▶ _ACTION ITEM_
From the first line of the material to the line containing "#3=PRODUCT_CONTEXT('',#1,'mechanical');", inclusive, write out each line exactly, leaving out the pictures.
::::
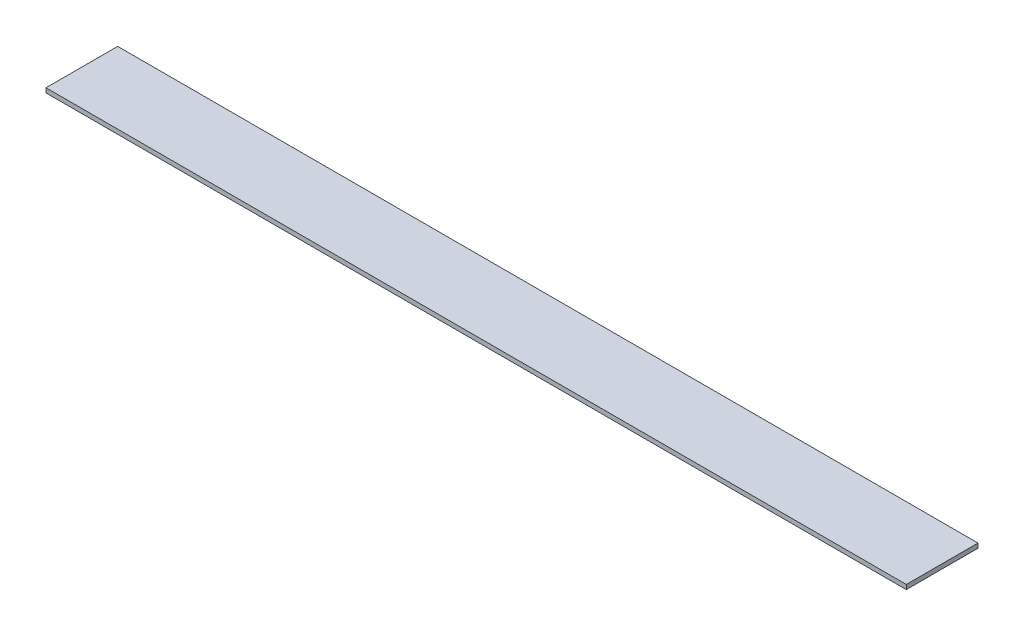
ISO-10303-21;
HEADER;
FILE_DESCRIPTION(('STEP AP214'),'2;1');
FILE_NAME('part.step','',(''),(''),'','','');
FILE_SCHEMA(('AUTOMOTIVE_DESIGN { 1 0 10303 214 1 1 1 1 }'));
ENDSEC;
DATA;
#1=APPLICATION_CONTEXT('core data for automotive mechanical design processes');
#2=APPLICATION_PROTOCOL_DEFINITION('international standard','automotive_design',2000,#1);
#3=PRODUCT_CONTEXT('',#1,'mechanical');
#4=PRODUCT('Part','Part','',(#3));
#5=PRODUCT_RELATED_PRODUCT_CATEGORY('part','',(#4));
#6=PRODUCT_DEFINITION_FORMATION('','',#4);
#7=PRODUCT_DEFINITION_CONTEXT('part definition',#1,'design');
#8=PRODUCT_DEFINITION('design','',#6,#7);
#9=PRODUCT_DEFINITION_SHAPE('','',#8);
#10=(LENGTH_UNIT() NAMED_UNIT(*) SI_UNIT(.MILLI.,.METRE.));
#11=(NAMED_UNIT(*) PLANE_ANGLE_UNIT() SI_UNIT($,.RADIAN.));
#12=(NAMED_UNIT(*) SI_UNIT($,.STERADIAN.) SOLID_ANGLE_UNIT());
#13=UNCERTAINTY_MEASURE_WITH_UNIT(LENGTH_MEASURE(1.E-05),#10,'distance_accuracy_value','');
#14=(GEOMETRIC_REPRESENTATION_CONTEXT(3) GLOBAL_UNCERTAINTY_ASSIGNED_CONTEXT((#13)) GLOBAL_UNIT_ASSIGNED_CONTEXT((#10,
#11,#12)) REPRESENTATION_CONTEXT('',''));
#15=CARTESIAN_POINT('',(0.,0.,0.));
#16=DIRECTION('',(0.,0.,1.));
#17=DIRECTION('',(1.,0.,0.));
#18=AXIS2_PLACEMENT_3D('',#15,#16,#17);
#19=CARTESIAN_POINT('',(0.,1.5875,0.));
#20=DIRECTION('',(1.,0.,0.));
#21=DIRECTION('',(0.,0.,-1.));
#22=AXIS2_PLACEMENT_3D('',#19,#20,#21);
#23=PLANE('',#22);
#24=DIRECTION('',(0.,0.,1.));
#25=VECTOR('',#24,1.);
#26=CARTESIAN_POINT('',(0.,0.,0.));
#27=LINE('',#26,#25);
#28=CARTESIAN_POINT('',(0.,0.,-25.4));
#29=VERTEX_POINT('',#28);
#30=CARTESIAN_POINT('',(0.,0.,0.));
#31=VERTEX_POINT('',#30);
#32=EDGE_CURVE('E100',#29,#31,#27,.T.);
#33=ORIENTED_EDGE('',*,*,#32,.T.);
#34=DIRECTION('',(0.,-1.,0.));
#35=VECTOR('',#34,1.);
#36=CARTESIAN_POINT('',(0.,1.5875,0.));
#37=LINE('',#36,#35);
#38=CARTESIAN_POINT('',(0.,1.5875,0.));
#39=VERTEX_POINT('',#38);
#40=EDGE_CURVE('E11',#39,#31,#37,.T.);
#41=ORIENTED_EDGE('',*,*,#40,.F.);
#42=DIRECTION('',(0.,0.,1.));
#43=VECTOR('',#42,1.);
#44=CARTESIAN_POINT('',(0.,1.5875,0.));
#45=LINE('',#44,#43);
#46=CARTESIAN_POINT('',(0.,1.5875,-25.4));
#47=VERTEX_POINT('',#46);
#48=EDGE_CURVE('E88',#47,#39,#45,.T.);
#49=ORIENTED_EDGE('',*,*,#48,.F.);
#50=DIRECTION('',(0.,-1.,0.));
#51=VECTOR('',#50,1.);
#52=CARTESIAN_POINT('',(0.,1.5875,-25.4));
#53=LINE('',#52,#51);
#54=EDGE_CURVE('E96',#47,#29,#53,.T.);
#55=ORIENTED_EDGE('',*,*,#54,.T.);
#56=EDGE_LOOP('',(#33,#41,#49,#55));
#57=FACE_BOUND('',#56,.T.);
#58=ADVANCED_FACE('F37',(#57),#23,.F.);
#59=CARTESIAN_POINT('',(0.,1.5875,0.));
#60=DIRECTION('',(0.,0.,-1.));
#61=DIRECTION('',(-1.,0.,0.));
#62=AXIS2_PLACEMENT_3D('',#59,#60,#61);
#63=PLANE('',#62);
#64=DIRECTION('',(1.,0.,0.));
#65=VECTOR('',#64,1.);
#66=CARTESIAN_POINT('',(0.,0.,0.));
#67=LINE('',#66,#65);
#68=CARTESIAN_POINT('',(304.8,0.,0.));
#69=VERTEX_POINT('',#68);
#70=EDGE_CURVE('E92',#31,#69,#67,.T.);
#71=ORIENTED_EDGE('',*,*,#70,.T.);
#72=DIRECTION('',(0.,-1.,0.));
#73=VECTOR('',#72,1.);
#74=CARTESIAN_POINT('',(304.8,1.5875,0.));
#75=LINE('',#74,#73);
#76=CARTESIAN_POINT('',(304.8,1.5875,0.));
#77=VERTEX_POINT('',#76);
#78=EDGE_CURVE('E45',#77,#69,#75,.T.);
#79=ORIENTED_EDGE('',*,*,#78,.F.);
#80=DIRECTION('',(1.,0.,0.));
#81=VECTOR('',#80,1.);
#82=CARTESIAN_POINT('',(0.,1.5875,0.));
#83=LINE('',#82,#81);
#84=EDGE_CURVE('E83',#39,#77,#83,.T.);
#85=ORIENTED_EDGE('',*,*,#84,.F.);
#86=ORIENTED_EDGE('',*,*,#40,.T.);
#87=EDGE_LOOP('',(#71,#79,#85,#86));
#88=FACE_BOUND('',#87,.T.);
#89=ADVANCED_FACE('F91',(#88),#63,.F.);
#90=CARTESIAN_POINT('',(304.8,1.5875,0.));
#91=DIRECTION('',(-1.,0.,0.));
#92=DIRECTION('',(0.,0.,1.));
#93=AXIS2_PLACEMENT_3D('',#90,#91,#92);
#94=PLANE('',#93);
#95=DIRECTION('',(0.,0.,-1.));
#96=VECTOR('',#95,1.);
#97=CARTESIAN_POINT('',(304.8,0.,0.));
#98=LINE('',#97,#96);
#99=CARTESIAN_POINT('',(304.8,0.,-25.4));
#100=VERTEX_POINT('',#99);
#101=EDGE_CURVE('E70',#69,#100,#98,.T.);
#102=ORIENTED_EDGE('',*,*,#101,.T.);
#103=DIRECTION('',(0.,-1.,0.));
#104=VECTOR('',#103,1.);
#105=CARTESIAN_POINT('',(304.8,1.5875,-25.4));
#106=LINE('',#105,#104);
#107=CARTESIAN_POINT('',(304.8,1.5875,-25.4));
#108=VERTEX_POINT('',#107);
#109=EDGE_CURVE('E93',#108,#100,#106,.T.);
#110=ORIENTED_EDGE('',*,*,#109,.F.);
#111=DIRECTION('',(0.,0.,-1.));
#112=VECTOR('',#111,1.);
#113=CARTESIAN_POINT('',(304.8,1.5875,0.));
#114=LINE('',#113,#112);
#115=EDGE_CURVE('E86',#77,#108,#114,.T.);
#116=ORIENTED_EDGE('',*,*,#115,.F.);
#117=ORIENTED_EDGE('',*,*,#78,.T.);
#118=EDGE_LOOP('',(#102,#110,#116,#117));
#119=FACE_BOUND('',#118,.T.);
#120=ADVANCED_FACE('F94',(#119),#94,.F.);
#121=CARTESIAN_POINT('',(0.,1.5875,-25.4));
#122=DIRECTION('',(0.,0.,1.));
#123=DIRECTION('',(1.,0.,0.));
#124=AXIS2_PLACEMENT_3D('',#121,#122,#123);
#125=PLANE('',#124);
#126=DIRECTION('',(-1.,0.,0.));
#127=VECTOR('',#126,1.);
#128=CARTESIAN_POINT('',(0.,0.,-25.4));
#129=LINE('',#128,#127);
#130=EDGE_CURVE('E76',#100,#29,#129,.T.);
#131=ORIENTED_EDGE('',*,*,#130,.T.);
#132=ORIENTED_EDGE('',*,*,#54,.F.);
#133=DIRECTION('',(-1.,0.,0.));
#134=VECTOR('',#133,1.);
#135=CARTESIAN_POINT('',(0.,1.5875,-25.4));
#136=LINE('',#135,#134);
#137=EDGE_CURVE('E53',#108,#47,#136,.T.);
#138=ORIENTED_EDGE('',*,*,#137,.F.);
#139=ORIENTED_EDGE('',*,*,#109,.T.);
#140=EDGE_LOOP('',(#131,#132,#138,#139));
#141=FACE_BOUND('',#140,.T.);
#142=ADVANCED_FACE('F107',(#141),#125,.F.);
#143=CARTESIAN_POINT('',(0.,1.5875,0.));
#144=DIRECTION('',(0.,-1.,0.));
#145=DIRECTION('',(0.,0.,-1.));
#146=AXIS2_PLACEMENT_3D('',#143,#144,#145);
#147=PLANE('',#146);
#148=ORIENTED_EDGE('',*,*,#48,.T.);
#149=ORIENTED_EDGE('',*,*,#84,.T.);
#150=ORIENTED_EDGE('',*,*,#115,.T.);
#151=ORIENTED_EDGE('',*,*,#137,.T.);
#152=EDGE_LOOP('',(#148,#149,#150,#151));
#153=FACE_BOUND('',#152,.T.);
#154=ADVANCED_FACE('F84',(#153),#147,.F.);
#155=CARTESIAN_POINT('',(0.,0.,0.));
#156=DIRECTION('',(0.,-1.,0.));
#157=DIRECTION('',(0.,0.,-1.));
#158=AXIS2_PLACEMENT_3D('',#155,#156,#157);
#159=PLANE('',#158);
#160=ORIENTED_EDGE('',*,*,#32,.F.);
#161=ORIENTED_EDGE('',*,*,#130,.F.);
#162=ORIENTED_EDGE('',*,*,#101,.F.);
#163=ORIENTED_EDGE('',*,*,#70,.F.);
#164=EDGE_LOOP('',(#160,#161,#162,#163));
#165=FACE_BOUND('',#164,.T.);
#166=ADVANCED_FACE('F110',(#165),#159,.T.);
#167=CLOSED_SHELL('',(#58,#89,#120,#142,#154,#166));
#168=MANIFOLD_SOLID_BREP('B2',#167);
#169=ADVANCED_BREP_SHAPE_REPRESENTATION('',(#18,#168),#14);
#170=SHAPE_DEFINITION_REPRESENTATION(#9,#169);
ENDSEC;
END-ISO-10303-21;
::::
▶ _COMPLETED TASK_
ISO-10303-21;
HEADER;
FILE_DESCRIPTION(('STEP AP214'),'2;1');
FILE_NAME('part.step','',(''),(''),'','','');
FILE_SCHEMA(('AUTOMOTIVE_DESIGN { 1 0 10303 214 1 1 1 1 }'));
ENDSEC;
DATA;
#1=APPLICATION_CONTEXT('core data for automotive mechanical design processes');
#2=APPLICATION_PROTOCOL_DEFINITION('international standard','automotive_design',2000,#1);
#3=PRODUCT_CONTEXT('',#1,'mechanical');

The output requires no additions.